Pimavanserin is the most highly selective 5-HT2A inverse agonist, has no affinity for dopaminergic, muscarinic, adrenergic, or histaminergic receptors, and is the only FDA-approved treatment of hallucinations and delusions associated with PDP. In a clinical trial, participants with PDP were randomly assigned to receive pimavanserin (n = 105; 40 mg daily) or placebo (n = 94), for 6 weeks.42 The primary efficacy measure was the Scale for the Assessment of Positive Symptoms for Parkinson’s Disease Psychosis (SAPS-PD) which includes questions covering specific types of hallucinations and delusions. At 6 weeks, individuals treated with pimavanserin had improvement on the SAPS-PD compared with those treated with placebo. Secondary outcomes were also significantly improved with pimavanserin treatment compared with placebo (Table 2).42 The most common side effects included nausea, constipation, peripheral edema, gait disturbance, and hallucinations. Pimavanserin did not worsen motor function in individuals with PDP.43

There is a risk of QT prolongation and serious arrhythmia associated with pimavanserin noted in the warnings and precautions section of the drug label. Risk factors for QT prolongation include age more than 65, preexisting cardiovascular abnormalities, female sex, and electrolyte abnormalities. Pimavanserin increases the QTc interval by 5 to 8 msec; whereas, quetiapine increases QTc interval by 6 to 15 msec, and clozapine increase it by 10 msec.44 Given the efficacy data and tolerability and safety profile, pimavanserin may be started at symptom onset as a first-line agent for the treatment of PDP. Treatment of PDP should always be individualized, but the use of concurrent antipsychotics should be strongly discouraged because this has been associated with increased incidence of antipsychotic drug-related events, stroke, falls, infections, and worsening of PD motor symptoms.38

Future Directions

New treatments for PD provide clinicians and patients with new options and improved ability to manage the off period that occurs with prolonged levodopa treatment. Novel indications provide robust data for conditions that previously lacked appropriate treatment, such as PDP and nOH. New formulations and novel delivery mechanisms provide clinical benefit with better efficacy, tolerability, and reduction of disability.

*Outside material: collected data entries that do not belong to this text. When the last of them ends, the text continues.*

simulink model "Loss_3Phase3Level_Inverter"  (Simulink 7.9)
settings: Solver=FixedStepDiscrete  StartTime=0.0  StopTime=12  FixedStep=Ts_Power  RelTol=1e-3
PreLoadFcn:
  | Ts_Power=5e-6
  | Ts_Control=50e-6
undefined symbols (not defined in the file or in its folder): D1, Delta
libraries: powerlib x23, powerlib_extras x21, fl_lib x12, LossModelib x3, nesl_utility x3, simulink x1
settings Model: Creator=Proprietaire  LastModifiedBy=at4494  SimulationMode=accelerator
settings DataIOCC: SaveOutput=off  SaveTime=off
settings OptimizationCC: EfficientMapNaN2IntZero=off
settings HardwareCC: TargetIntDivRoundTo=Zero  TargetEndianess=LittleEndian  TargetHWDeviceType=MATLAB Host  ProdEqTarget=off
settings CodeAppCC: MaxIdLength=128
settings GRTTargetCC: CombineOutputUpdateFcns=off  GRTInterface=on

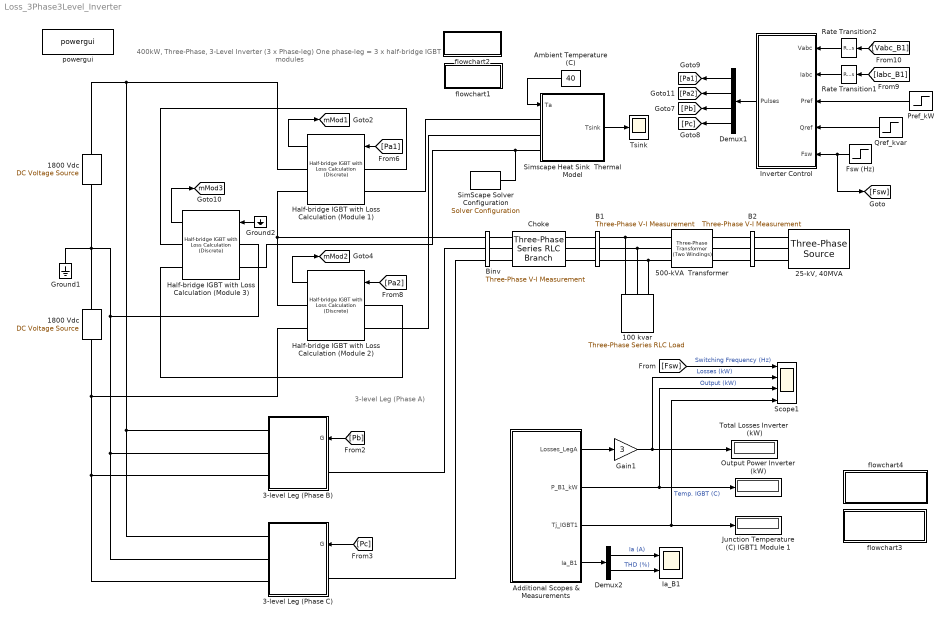
== system Loss_3Phase3Level_Inverter ==
  note: 400kW, Three-Phase, 3-Level Inverter (3 x Phase-leg)
      | One phase-leg = 3 x half-bridge IGBT modules
  note: 3-level Leg
      | (Phase A)
  100 kvar : powerlib/Elements/Three-Phase Series RLC Load  LConnTagsString=A|B|C  Configuration=Y (grounded)  NominalVoltage=2200  NominalFrequency=50  ActivePower=100e3/100  InductivePower=0  CapacitivePower=100e3  Measurements=None  LoadType=constant Z
  1800 Vdc : powerlib/Electrical Sources/DC Voltage Source  Description=source block  Amplitude=1800  Measurements=None
      settings: AttributesFormatString=\n
  "1800 Vdc " : powerlib/Electrical Sources/DC Voltage Source  Description=source block  Amplitude=1800  Measurements=None
      settings: AttributesFormatString=\n
  "25-kV, 40MVA" : powerlib/Electrical Sources/Three-Phase Source  Voltage=25e3*0.99  PhaseAngle=0  Frequency=50  InternalConnection=Yg  SpecifyImpedance=on  Resistance=0.8929  Inductance=16.58e-3  ShortCircuitLevel=40e6  BaseVoltage=25e3  XRratio=7  BusType=swing  Pref=0  Qref=0  Qmin=-inf  Qmax=inf
  3-level Leg (Phase B) : Subsystem
      mask Display:
      | dX=0.02-0.1;
      | dY=0.05-0.34;
      | K=1.4;
      | plot(([0.22 0.292 0.292]+dX)*K,([0.575 0.575 0.685]+dY)*K)
      | %plot([0.19 0.292 0.292]+dX,[0.195 0.195 0.305]+dY)
      | %plot([0.476 0.794]+dX,[0.455 0.455]+dY)
      | plot(([0.476 0.476 0.346 0.346 0.346 0.346 0.476 0.476]+dX)*K,([0.850 0.732 0.680 0.723 0.546 0.622 0.575 0.455 ]+dY)*K)
      | patch(([0.476 0.427 0.415 0.476]+dX)*K,([0.576 0.610 0.576 0.576]+dY)*K)
      | %
      | %plot([0.476 0.476 0.346 0.346 0.346 0.346 0.476 0.476]+dX,[0.850 0.732 0.680 0.723 0.546 0.622 0.575 0.455 ]-0.385+dY)
      | %patch([0.476 0.427 0.415 0.476]+dX,[0.576 0.610 0.576 0.576]-0.385+dY)
      | %
      | plot(([0.614 0.614 0.476]+dX)*K,([0.776 0.507 0.507]+dY)*K)
      | plot(([0.614 0.476]+dX)*K,([0.776 0.776]+dY)*K)
      | plot(([0.577 0.650]+dX)*K,([0.679 0.679]+dY)*K)
      | patch(([0.577 0.650  0.614 0.577]+dX)*K,([0.619 0.619 0.679 0.619]+dY)*K)
      | %
      | %plot([0.614 0.614 0.476]+dX,[0.776 0.507 0.507]-0.385+dY)
      | %plot([0.614 0.476]+dX,[0.776 0.776]-0.385+dY)
      | %plot([0.577 0.650]+dX,[0.679 0.679]-0.385+dY)
      | %patch([0.577 0.650  0.614 0.577]+dX,[0.619 0.619 0.679 0.619]-0.385+dY)
      | %
      | port_label('RConn', 1,'+');
      | port_label('RConn', 2,'N');
      | port_label('RConn', 3,'-');
      | port_label('LConn', 1,'B');
      | color('blue');
      | port_label('input', 1,'G');
  3-level Leg (Phase C) : Subsystem
      mask Display:
      | dX=0.02-0.1;
      | dY=0.05-0.34;
      | K=1.4;
      | plot(([0.22 0.292 0.292]+dX)*K,([0.575 0.575 0.685]+dY)*K)
      | %plot([0.19 0.292 0.292]+dX,[0.195 0.195 0.305]+dY)
      | %plot([0.476 0.794]+dX,[0.455 0.455]+dY)
      | plot(([0.476 0.476 0.346 0.346 0.346 0.346 0.476 0.476]+dX)*K,([0.850 0.732 0.680 0.723 0.546 0.622 0.575 0.455 ]+dY)*K)
      | patch(([0.476 0.427 0.415 0.476]+dX)*K,([0.576 0.610 0.576 0.576]+dY)*K)
      | %
      | %plot([0.476 0.476 0.346 0.346 0.346 0.346 0.476 0.476]+dX,[0.850 0.732 0.680 0.723 0.546 0.622 0.575 0.455 ]-0.385+dY)
      | %patch([0.476 0.427 0.415 0.476]+dX,[0.576 0.610 0.576 0.576]-0.385+dY)
      | %
      | plot(([0.614 0.614 0.476]+dX)*K,([0.776 0.507 0.507]+dY)*K)
      | plot(([0.614 0.476]+dX)*K,([0.776 0.776]+dY)*K)
      | plot(([0.577 0.650]+dX)*K,([0.679 0.679]+dY)*K)
      | patch(([0.577 0.650  0.614 0.577]+dX)*K,([0.619 0.619 0.679 0.619]+dY)*K)
      | %
      | %plot([0.614 0.614 0.476]+dX,[0.776 0.507 0.507]-0.385+dY)
      | %plot([0.614 0.476]+dX,[0.776 0.776]-0.385+dY)
      | %plot([0.577 0.650]+dX,[0.679 0.679]-0.385+dY)
      | %patch([0.577 0.650  0.614 0.577]+dX,[0.619 0.619 0.679 0.619]-0.385+dY)
      | %
      | port_label('RConn', 1,'+');
      | port_label('RConn', 2,'N');
      | port_label('RConn', 3,'-');
      | port_label('LConn', 1,'C');
      | color('blue');
      | port_label('input', 1,'G');
  500-kVA  Transformer : powerlib/Elements/Three-Phase Transformer (Two Windings)  Winding1Connection=Yg  UNITS=pu  NominalPower=[ 500e3 , 50 ]  Winding1=[ 25e3 , 0.001 , 0.025 ]  Winding2Connection=Delta (D1)  Winding2=[ 2200, 0.001 , 0.025 ]  SetSaturation=off  Rm=500  Lm=500  Saturation=[ 0,0 ; 0.0024,1.2 ; 1.0,1.52 ]  Hysteresis=off  DataFile='hysteresis'  SetInitialFlux=off  InitialFluxes=[ 0.8 , -0.8 , 0.7 ]  Measurements=None  MoreParameters=off  BreakLoop=off  DataType=off  TransfoNumber=1
  Additional Scopes & Measurements : Subsystem
  Ambient Temperature (C) : Constant  Value=40
  B1 : powerlib/Measurements/Three-Phase V-I Measurement  VoltageMeasurement=phase-to-ground  SetLabelV=on  LabelV=Vabc_B1  Vpu=off  VpuLL=off  CurrentMeasurement=yes  SetLabelI=on  LabelI=Iabc_B1  Ipu=off  Pbase=100e6  Vbase=500e3  OutputType=Complex  PhasorSimulation=off  PSBequivalent=0
  B2 : powerlib/Measurements/Three-Phase V-I Measurement  VoltageMeasurement=phase-to-ground  SetLabelV=on  LabelV=Vabc_B2  Vpu=off  VpuLL=off  CurrentMeasurement=yes  SetLabelI=on  LabelI=Iabc_B2  Ipu=off  Pbase=100e6  Vbase=500e3  OutputType=Complex  PhasorSimulation=off  PSBequivalent=0
  Binv : powerlib/Measurements/Three-Phase V-I Measurement  VoltageMeasurement=phase-to-ground  SetLabelV=on  LabelV=Vabc_Binv  Vpu=off  VpuLL=off  CurrentMeasurement=yes  SetLabelI=on  LabelI=Iabc_Binv  Ipu=off  Pbase=100e6  Vbase=500e3  OutputType=Complex  PhasorSimulation=off  PSBequivalent=0
  Choke : powerlib/Elements/Three-Phase Series RLC Branch  LConnTagsString=A|B|C  RConnTagsString=A|B|C  BranchType=RL  Resistance=15e-3  Inductance=5e-3  Capacitance=1e-6  Measurements=None
  Demux1 : Demux  Outputs=[ 2 2 4 4 ]
  Demux2 : Demux  Outputs=2
  Fsw (Hz) : Step  Time=5  Before=17*50  After=37*50  SampleTime=Ts_Control
  Gain1 : Gain  Gain=3
  Ground1 : powerlib/Elements/Ground  LConnTagsString=a
  Ground2 : Ground
  Half-bridge IGBT with Loss Calculation (Module 1) : LossModelib/Half-bridge IGBT with Loss Calculation (Discrete)  Ron=1e-3  IGBT_Type=ABB: Half-Bridge IGBT 3300V/250A  PlotSpec_IGBT_On=off  ShowDataSheet_IGBT_On=off  Diode_Type=ABB: Half-Bridge IGBT 3300V/250A  PlotSpec_Diode_On=off  ShowDataSheet_Diode_On=off  Tj_Init=123  PulseDuration=5e-6  Ts_Simscape=Ts_Control  Ts=Ts_Power
  Half-bridge IGBT with Loss Calculation (Module 2) : LossModelib/Half-bridge IGBT with Loss Calculation (Discrete)  Ron=1e-3  IGBT_Type=ABB: Half-Bridge IGBT 3300V/250A  PlotSpec_IGBT_On=off  ShowDataSheet_IGBT_On=off  Diode_Type=ABB: Half-Bridge IGBT 3300V/250A  PlotSpec_Diode_On=off  ShowDataSheet_Diode_On=off  Tj_Init=123  PulseDuration=5e-6  Ts_Simscape=Ts_Control  Ts=Ts_Power
  Half-bridge IGBT with Loss Calculation (Module 3) : LossModelib/Half-bridge IGBT with Loss Calculation (Discrete)  Ron=1e-3  IGBT_Type=ABB: Half-Bridge IGBT 3300V/250A  PlotSpec_IGBT_On=off  ShowDataSheet_IGBT_On=off  Diode_Type=ABB: Half-Bridge IGBT 3300V/250A  PlotSpec_Diode_On=off  ShowDataSheet_Diode_On=off  Tj_Init=123  PulseDuration=5e-6  Ts_Simscape=Ts_Control  Ts=Ts_Power
  Ia_B1 : Scope  NumInputPorts=2
      settings: TimeRange=12  YMin=-300~10  YMax=300~30  SaveName=psb1phPWM2_str3  MaxDataPoints=500000
  Inverter Control : Subsystem  mask(Inverter Control         ){nom=[ 500e3  50 ], Vnom=2200, Vnom_dc=2*1800, RLchoke=[15e-3  5e-3  ], K_PQreg=[ 0.2  60 ], K_Ireg=[0.3 20], Ts=Ts_Control}
      mask prompts: nom "Nominal power and frequency [ Pnom(VA)  Fnom(Hz) ]:"; Vnom "Nominal voltage (Vrms LL):"; Vnom_dc "Nominal DC bus voltage (V):"; RLchoke "Choke impedance [ R(ohm) L(H) ]"; K_PQreg "PQ regulator gains [ Kp  Ki ]:"; K_Ireg "Current regulator gains [ Kp  Ki ]:"; Ts "Sample time"
      mask init:
      | Pnom=nom(1);
      | Fnom=nom(2);
      | Zbase=Vnom^2/Pnom;
      | Rtot_pu= RLchoke(1)/Zbase;
      | Ltot_pu= RLchoke(2)/(Zbase/(2*pi*Fnom));
      | Kp_PQreg=K_PQreg(1);
      | Ki_PQreg=K_PQreg(2);
      | Kp_Ireg=K_Ireg(1);
      | Ki_Ireg=K_Ireg(2);
      | Vdc_ref=Vnom_dc;
  Junction Temperature (C) IGBT1 Module 1 : Display
      settings: Format=bank  Decimation=1000
  Output Power Inverter (kW) : Display
      settings: Format=bank  Decimation=1000
  Pref_kW : Step  Time=5.1  Before=372  After=211  SampleTime=Ts_Control
  Qref_kvar : Step  Time=5.1  Before=-sqrt(372^2*(1/(0.85)^2 - 1))  After=-sqrt(211^2*(1/(0.85)^2 - 1))  SampleTime=Ts_Control
  Rate Transition1 : RateTransition  OutPortSampleTime=Ts_Control
  Rate Transition2 : RateTransition  OutPortSampleTime=Ts_Control
  Scope1 : Scope  NumInputPorts=4
      settings: TimeRange=12  YMin=600~2~100~115  YMax=2000~4~500~135  SaveName=psb1phPWM2_str1  MaxDataPoints=500000  Decimation=10
  SimScape Solver Configuration : nesl_utility/Solver Configuration  PhysicalDomain=network_engine_domain  LeftPortType=input  RightPortType=generic  SubClassName=solver  UseCustomDae=off  DoDC=off  ResidualTolerance=1e-9  UseLocalSolver=on  LocalSolverChoice=NE_TRAPEZOIDAL_ADVANCER  LocalSolverSampleTime=Ts_Control  DoFixedCost=off  MaxNonlinIter=2  MaxModeIter=1  LinearAlgebra=Sparse  Accelerate=off  Profile=off  UseLocalSampling=off  DelaysMemoryBudget=1024
  Simscape Heat Sink  Thermal Model : Subsystem  mask(Simscape Thermal model (2-cell Cauer network)){Rth=[ 0.02  0.072 ], Cth=[ 1  5 ]/10, Tinit=123}
      mask prompts: Rth "Thermal resistances  [case-to-sink  sink-to-ambient ] (K/W):"; Cth "Thermal capacitances  [case  sink ] (J/K):"; Tinit "Initial temperature (degrees Celsisus)"
  Total Losses Inverter (kW) : Display
      settings: Format=bank  Decimation=1000
  Tsink : Scope
      settings: TimeRange=12  YMin=101.4492375546095  YMax=109.4893107691547  SaveName=psb1phPWM2_str6  MaxDataPoints=500000  Decimation=100
  flowchart1 : Subsystem
      settings: OpenFcn=winopen('ABB_PhaseLegModule_PCIM_12_408.pdf');
      mask Display: disp('Reference\nDocument')
  flowchart2 : Subsystem
      settings: OpenFcn=winopen('Loss_3Phase3Level_Inverter_Help.pdf');
      mask Display: disp('Help')
  flowchart3 : Subsystem
      settings: OpenFcn=plot_FFTresults
      mask Display: disp('Plot\nFFT Comparison')
  flowchart4 : Subsystem
      settings: OpenFcn=plot_OutputPower_vs_SwitchingFrequency
      mask Display: disp('Plot\n OutputPower vs.\nSwitching Frequency')
  powergui : powerlib/powergui  Priority=1  SimulationMode=Discrete  SolverType=Tustin  SampleTime=Ts_Power  frequency=60  SPID=off  DisableSnubberDevices=off  DisableRonSwitches=off  DisableVfSwitches=off  SwTol=0  Interpol=off  DisplayEquations=off  FunctionMessages=off  frequencyindice=0  Pbase=100e6  ErrMax=1e-4  Iterations=50  UnitsV=kV  UnitsW=MW  echomessages=off  HookPort=off  EnableUseOfTLC=off  x0status=blocks  RestoreLinks=warning  ResistiveCurrentMeasurement=off  Ylog=off  Xlog=on  ShowGrid=off  save=off  variable=ZData  structure=VIabc_B1  ZoomFFT=off  StartTime=4  cycles=3  DisplayStyle=1  fundamental=50  FreqAxis=on  MaxFrequency=2500  frequencyindicesteady=1  display=off  methode=off
  tag scope: mMod1=global, mMod2=global, mMod3=global
  wires:
  [Pb] -> 3-level Leg (Phase B)/1(G)
  Ambient Temperature (C)/1 -> Simscape Heat Sink  Thermal Model/1(Ta)
  [Pc] -> 3-level Leg (Phase C)/1(G)
  Additional Scopes & Measurements/1(Losses_LegA) -> Gain1/1
  [Vabc_B1] -> Rate Transition2/1
  [Iabc_B1] -> Rate Transition1/1
  Demux1/1 -> [Pa1]
  Demux1/2 -> [Pa2]
  Demux1/4 -> [Pc]
  Demux1/3 -> [Pb]
  Inverter Control/1(Pulses) -> Demux1/1
  Pref_kW/1 -> Inverter Control/3(Pref)
  Qref_kvar/1 -> Inverter Control/4(Qref)
  Additional Scopes & Measurements/2(P_B1_kW) -> Output Power Inverter (kW)/1, Scope1/3  "Output (kW)"
  Fsw (Hz)/1 -> Inverter Control/5(Fsw), [Fsw]
  Rate Transition1/1 -> Inverter Control/2(Iabc)
  Rate Transition2/1 -> Inverter Control/1(Vabc)
  Simscape Heat Sink  Thermal Model/1(Tsink) -> Tsink/1
  Half-bridge IGBT with Loss Calculation (Module 3)/1 -> [mMod3]
  Half-bridge IGBT with Loss Calculation (Module 2)/1 -> [mMod2]
  Ground2/1 -> Half-bridge IGBT with Loss Calculation (Module 3)/1
  [Pa1] -> Half-bridge IGBT with Loss Calculation (Module 1)/1
  [Pa2] -> Half-bridge IGBT with Loss Calculation (Module 2)/1
  Half-bridge IGBT with Loss Calculation (Module 1)/1 -> [mMod1]
  Additional Scopes & Measurements/3(Tj_IGBT1) -> Junction Temperature (C) IGBT1 Module 1/1, Scope1/4  "Temp. IGBT (C)"
  Gain1/1 -> Total Losses Inverter (kW)/1, Scope1/2  "Losses (kW)"
  [Fsw] -> Scope1/1  "Switching Frequency (Hz)"
  Demux2/1 -> Ia_B1/1  "Ia (A)"
  Demux2/2 -> Ia_B1/2  "THD (%)"
  Additional Scopes & Measurements/4(Ia_B1) -> Demux2/1
  connections:
  Half-bridge IGBT with Loss Calculation (Module 3)/LConn2 -- SimScape Solver Configuration/RConn1 -- Simscape Heat Sink  Thermal Model/LConn3
  Choke/RConn1 -- B1/LConn1
  Choke/RConn2 -- B1/LConn2
  Choke/RConn3 -- B1/LConn3
  "25-kV, 40MVA"/RConn1 -- B2/RConn1
  "25-kV, 40MVA"/RConn2 -- B2/RConn2
  "25-kV, 40MVA"/RConn3 -- B2/RConn3
  Choke/LConn1 -- Binv/RConn1
  Choke/LConn2 -- Binv/RConn2
  Choke/LConn3 -- Binv/RConn3
  Binv/LConn2 -- 3-level Leg (Phase B)/LConn1
  Binv/LConn3 -- 3-level Leg (Phase C)/LConn1
  500-kVA  Transformer/RConn1 -- B1/RConn1 -- 100 kvar/LConn1
  500-kVA  Transformer/RConn2 -- B1/RConn2 -- 100 kvar/LConn2
  B1/RConn3 -- 500-kVA  Transformer/RConn3 -- 100 kvar/LConn3
  500-kVA  Transformer/LConn1 -- B2/LConn1
  500-kVA  Transformer/LConn2 -- B2/LConn2
  500-kVA  Transformer/LConn3 -- B2/LConn3
  Half-bridge IGBT with Loss Calculation (Module 1)/RConn2 -- Binv/LConn1 -- Half-bridge IGBT with Loss Calculation (Module 2)/RConn1
  Half-bridge IGBT with Loss Calculation (Module 3)/LConn1 -- 3-level Leg (Phase B)/RConn2 -- 3-level Leg (Phase C)/RConn2 -- 1800 Vdc/RConn1 -- Ground1/LConn1 -- "1800 Vdc "/LConn1
  Simscape Heat Sink  Thermal Model/LConn1 -- Half-bridge IGBT with Loss Calculation (Module 1)/LConn2
  Half-bridge IGBT with Loss Calculation (Module 1)/RConn1 -- 3-level Leg (Phase B)/RConn1 -- 3-level Leg (Phase C)/RConn1 -- "1800 Vdc "/RConn1
  Half-bridge IGBT with Loss Calculation (Module 2)/RConn2 -- 3-level Leg (Phase B)/RConn3 -- 3-level Leg (Phase C)/RConn3 -- 1800 Vdc/LConn1
  Half-bridge IGBT with Loss Calculation (Module 3)/RConn1 -- Half-bridge IGBT with Loss Calculation (Module 1)/LConn1
  Half-bridge IGBT with Loss Calculation (Module 2)/LConn1 -- Half-bridge IGBT with Loss Calculation (Module 3)/RConn2
  Half-bridge IGBT with Loss Calculation (Module 2)/LConn2 -- Simscape Heat Sink  Thermal Model/LConn2

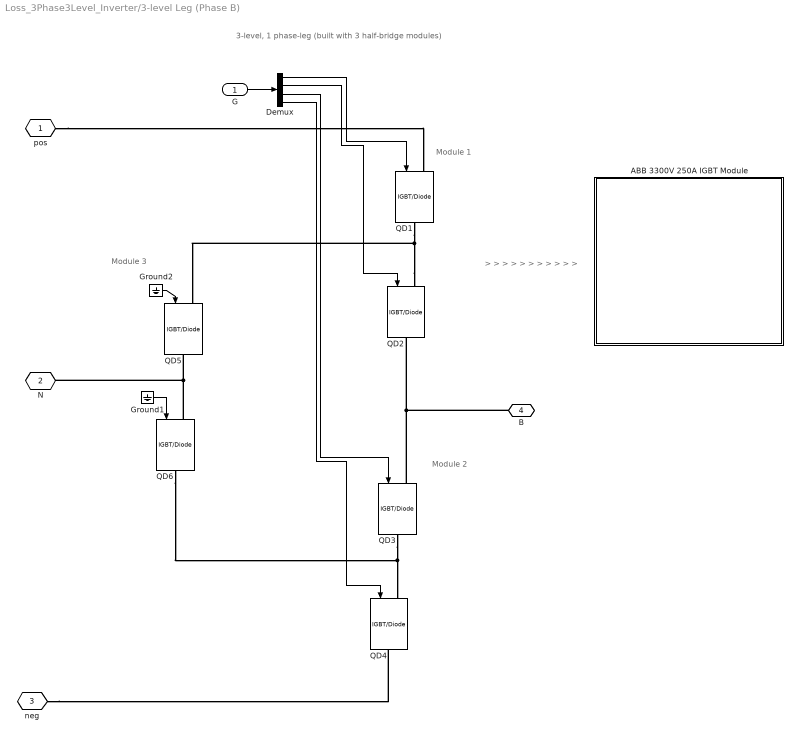
== system Loss_3Phase3Level_Inverter/3-level Leg (Phase B) ==
  note: Module 3
  note: Module 2
  note: 3-level, 1 phase-leg
      |  (built with 3 half-bridge modules)
  note: Module 1
  note: > > > > > > > > > > >
  G : Inport  PortDimensions=4
  ABB 3300V 250A IGBT Module : Subsystem
      mask Display: image(imread('Picture_IGBT_Module.jpg'))
  Demux : Demux
  Ground1 : Ground
  Ground2 : Ground
  QD{1..6} (6 alike) : powerlib/Power Electronics/IGBT//Diode  Ron=1e-3  Rs=1e5  Cs=inf  Measurements=off
  pos : PMIOPort  Port=1  Side=Right
  N : PMIOPort  Port=2  Side=Right
  neg : PMIOPort  Port=3  Side=Right
  B : PMIOPort  Port=4  Side=Left
  wires:
  Demux/4 -> QD4/1
  Demux/3 -> QD3/1
  Ground1/1 -> QD6/1
  Ground2/1 -> QD5/1
  G/1 -> Demux/1
  Demux/1 -> QD1/1
  Demux/2 -> QD2/1
  connections:
  N/RConn1 -- QD6/LConn1 -- QD5/RConn1
  QD3/RConn1 -- QD4/LConn1 -- QD6/RConn1
  QD2/LConn1 -- QD1/RConn1 -- QD5/LConn1
  pos/RConn1 -- QD1/LConn1
  QD3/LConn1 -- QD2/RConn1 -- B/RConn1
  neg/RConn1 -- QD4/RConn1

We remain hopeful about future therapeutic options that potentially include long acting catechol-O-methyl transferase (COMT) inhibitors, subcutaneous apomorphine, and subcutaneous levodopa infusions aimed at reducing off time. Nondopaminergic medications such as istradefylline (a selective antagonist at the adenosine A2A receptor) provide novel and intriguing targets in the management of PD. Finally, we remain optimistic for the “holy grail” of movement disorders—medications that provide true disease modification and halt or slow the progression of neurodegeneration.